Continuation of the front page (56) References JP-A-1-141843 (JP, A) JP-A-1-141842 (JP, A) JP-A-58-131062 (JP, A) JP-A-58-219048 (JP) , A) JP-B-58-12140 (JP, B2) JP-T-61-501972 (JP, A)

Claims (4)

(57) [Claims] 1. A method of manufacturing a laminated body, wherein an intermediate film is sandwiched between laminated materials including at least one sheet of glass, and the obtained assembly is integrally joined by heating and heating. Is disposed in a storage portion provided on the upper surface of the lower electrode, the storage portion is covered with a flexible cover and evacuated, and the glass is subjected to dielectric heating by applying a high-frequency voltage to the upper electrode and the lower electrode. A method for manufacturing a laminate, comprising: heating the assembly, heating the assembly, and pressing the assembly via the cover with the upper electrode. 2. The method according to claim 1, wherein the vacuum is reduced or released during the pressing of the assembly under reduced pressure. 3. The method for manufacturing a laminate according to claim 1, wherein the pressing force is changed during the pressing of the assembly under reduced pressure in a vacuum. 4. An apparatus for manufacturing a laminate in which an intermediate film is sandwiched between laminated materials containing at least one glass, and the obtained assembly is heated and heated to be integrally joined.
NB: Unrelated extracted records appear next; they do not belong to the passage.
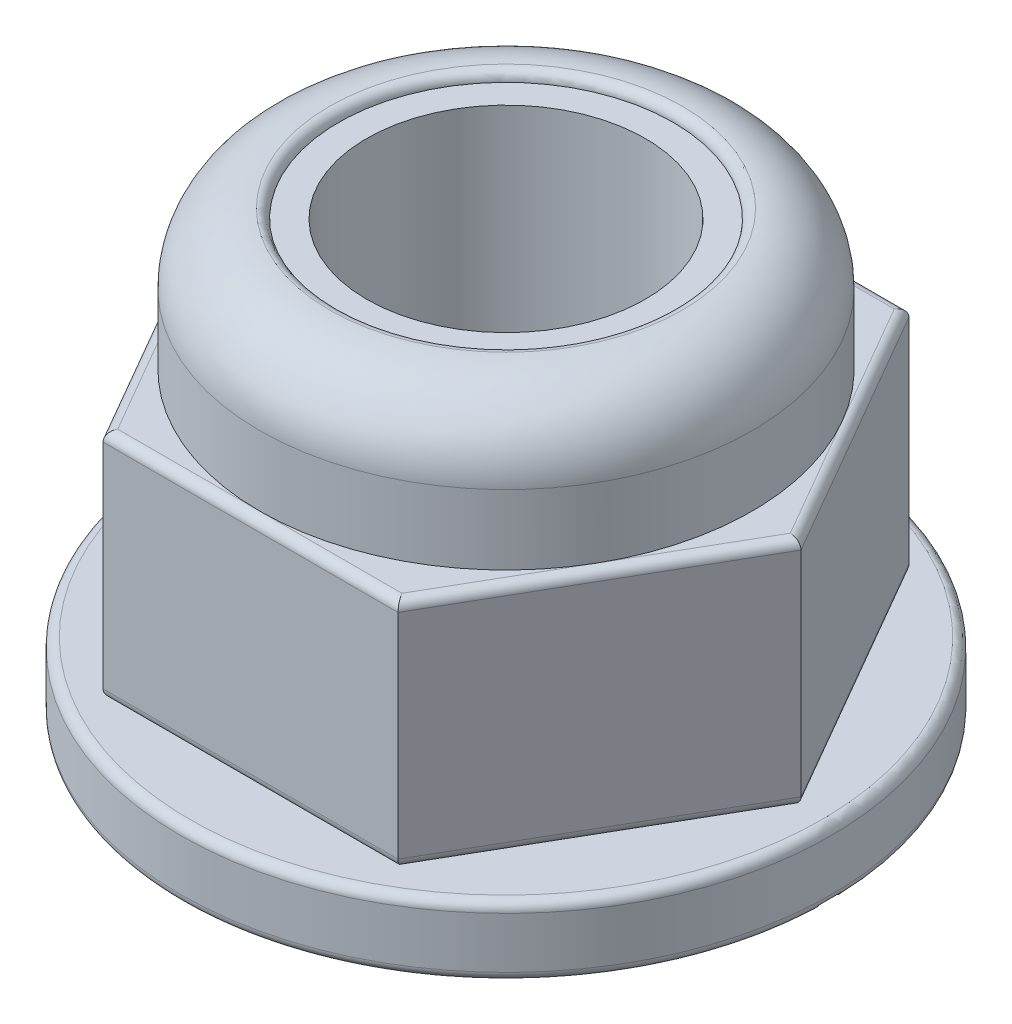
from build123d import *

# Parameters (mm, degrees)
SKETCH1_R           = 1.5
BOSS_EXTRUDE1_DEPTH = 4
FILLET1_R           = 0.1
CUT_EXTRUDE1_START  = -0.1
SKETCH3_R           = 1.8
SKETCH3_R_2         = 1.5
CUT_EXTRUDE1_DEPTH  = 0.1
FILLET2_R           = 0.1
BOSS_EXTRUDE2_START = 0.75
SKETCH4_R           = 3.5
SKETCH4_R_2         = 1.5
BOSS_EXTRUDE2_DEPTH = 0.75
FILLET3_R           = 0.1


# Some blends are built 0.0001 mm under size
with BuildPart() as part:
    # Sketch1 → Boss-Extrude1 (new body)
    with BuildSketch(Plane(origin=(0, 0, 0), x_dir=(1, 0, 0), z_dir=(0, 1, 0))):
        Polygon((1.58771324, -2.75), (3.175426481, 0), (1.58771324, 2.75), (-1.58771324, 2.75), (-3.175426481, 0), (-1.58771324, -2.75), align=None)
        with Locations(Location((0, 0, 0), (0, 0, 270))):
            Circle(SKETCH1_R, mode=Mode.SUBTRACT)
    extrude(amount=BOSS_EXTRUDE1_DEPTH)

    # Sketch2 → Cut-Revolve3 (revolve, cut)
    with BuildSketch(Plane(origin=(0, 0, 0), x_dir=(0, 0, -1), z_dir=(1, 0, 0))):
        with BuildLine():
            Line((-2.65, 3.25), (-2.65, 2.5))
            Line((-2.65, 2.5), (-5.25, 2.5))
            Line((-5.25, 2.5), (-5.25, 4))
            Line((-5.25, 4), (-5.25, 4.1))
            Line((-5.25, 4.1), (-1.9, 4.1))
            Line((-1.9, 4.1), (-1.9, 4))
            ThreePointArc((-1.9, 4), (-2.430330086, 3.780330086), (-2.65, 3.25))
        make_face()
    revolve(axis=Axis((0, 4, 0), (0, -1, 0)), mode=Mode.SUBTRACT)

    # Fillet1
    fillet1_edges = [part.edges().sort_by_distance(p)[0] for p in [
        (0, 0, -1.5),
        (-2.38156986, 2.5, 1.375),
        (2.38156986, 2.5, 1.375),
        (0, 2.5, 2.75),
        (-2.38156986, 2.5, -1.375),
        (0, 2.5, -2.75),
        (2.38156986, 2.5, -1.375),
        (-2.38156986, 0, 1.375),
        (-2.38156986, 0, -1.375),
        (0, 0, -2.75),
        (2.38156986, 0, -1.375),
        (2.38156986, 0, 1.375),
        (0, 0, 2.75),
    ]]
    fillet(fillet1_edges, radius=FILLET1_R - 0.0001)  # a hair under: the kernel refuses the full size

    # Sketch3 → Cut-Extrude1 (cut)
    with BuildSketch(Plane(origin=(0, 4, 0), x_dir=(1, 0, 0), z_dir=(0, 1, 0)).offset(CUT_EXTRUDE1_START)):
        with Locations(Location((0, 0, 0), (0, 0, 270))):
            Circle(SKETCH3_R)
        with Locations(Location((0, 0, 0), (0, 0, 270))):
            Circle(SKETCH3_R_2, mode=Mode.SUBTRACT)
    extrude(amount=CUT_EXTRUDE1_DEPTH, mode=Mode.SUBTRACT)

    # Fillet2
    fillet2_edges = [part.edges().sort_by_distance(p)[0] for p in [
        (0, 4, -1.8),
    ]]
    fillet(fillet2_edges, radius=FILLET2_R - 0.0001)  # a hair under: the kernel refuses the full size

    # Sketch4 → Boss-Extrude2 (add)
    with BuildSketch(Plane.XZ.offset(BOSS_EXTRUDE2_START)):
        with Locations(Location((0, 0, 0), (0, 0, 270))):
            Circle(SKETCH4_R)
        with Locations(Location((0, 0, 0), (0, 0, 90))):
            Circle(SKETCH4_R_2, mode=Mode.SUBTRACT)
    extrude(amount=-BOSS_EXTRUDE2_DEPTH)

    # Fillet3
    # the kernel refuses this fillet: 0.1 mm, written as the material it takes off along each edge
    with BuildSketch(Plane(origin=(0, 0, 0), x_dir=(0, 0, 1), z_dir=(1, 0, 0))) as fillet3_piece_1:
        with BuildLine():
            CenterArc((1.5 + FILLET3_R, FILLET3_R), FILLET3_R, 180, 90)
            Line((1.5 + FILLET3_R, 0), (1.5, 0))
            Line((1.5, 0), (1.5, FILLET3_R))
        make_face()
    revolve(axis=Axis((0, 0, 0), (0, -1, 0)), mode=Mode.SUBTRACT)
    with BuildSketch(Plane(origin=(0, 0, 0), x_dir=(0, 0, -1), z_dir=(-1, 0, 0))) as fillet3_piece_2:
        with BuildLine():
            CenterArc((3.5 - FILLET3_R, FILLET3_R), FILLET3_R, 270, 90)
            Line((3.5 - FILLET3_R, 0), (3.5, 0))
            Line((3.5, 0), (3.5, FILLET3_R))
        make_face()
    revolve(axis=Axis((0, 0, 0), (0, -1, 0)), mode=Mode.SUBTRACT)
    with BuildSketch(Plane(origin=(0, -0.75, 0), x_dir=(0, 0, 1), z_dir=(1, 0, 0))) as fillet3_piece_3:
        with BuildLine():
            CenterArc((1.5 + FILLET3_R, -FILLET3_R), FILLET3_R, 90, 90)
            Line((1.5, -FILLET3_R), (1.5, 0))
            Line((1.5, 0), (1.5 + FILLET3_R, 0))
        make_face()
    revolve(axis=Axis((0, -0.75, 0), (0, -1, 0)), mode=Mode.SUBTRACT)
    with BuildSketch(Plane(origin=(0, -0.75, 0), x_dir=(0, 0, -1), z_dir=(-1, 0, 0))) as fillet3_piece_4:
        with BuildLine():
            CenterArc((3.5 - FILLET3_R, -FILLET3_R), FILLET3_R, 0, 90)
            Line((3.5 - FILLET3_R, 0), (3.5, 0))
            Line((3.5, 0), (3.5, -FILLET3_R))
        make_face()
    revolve(axis=Axis((0, -0.75, 0), (0, -1, 0)), mode=Mode.SUBTRACT)


solid = part.part
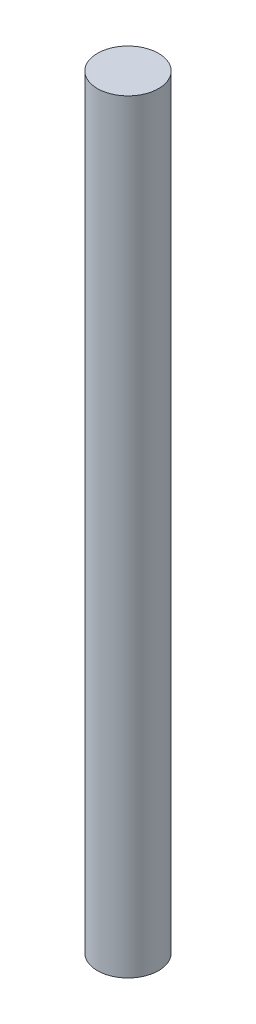
from build123d import *

# Parameters (mm, degrees)
SKETCH1_R           = 0.5
BOSS_EXTRUDE1_DEPTH = 12.5
SCALE1_SCALE        = 6


with BuildPart() as part:
    # Sketch1 → Boss-Extrude1 (new body)
    with BuildSketch(Plane(origin=(0, 0, 0), x_dir=(1, 0, 0), z_dir=(0, 1, 0))):
        Circle(SKETCH1_R)
    extrude(amount=BOSS_EXTRUDE1_DEPTH)


with BuildPart() as part_1:
    # Scale1: scaled about (0, 6.25, 0)
    add(part.part.scale(SCALE1_SCALE).moved(Location((0, -31.25, 0))))


solid = part_1.part

A lower electrode for mounting the assembly, a flexible cover formed on the lower electrode and hermetically sealing a housing for housing the assembly, a vacuum pump for evacuating the housing, An upper electrode that presses the assembly in the storage unit through the cover, a high-frequency generator that applies a high-frequency voltage to the upper and lower electrodes to dielectrically heat the glass,
An apparatus for manufacturing a laminated body, comprising: a temperature controller for controlling the temperatures of the lower electrode and the upper electrode.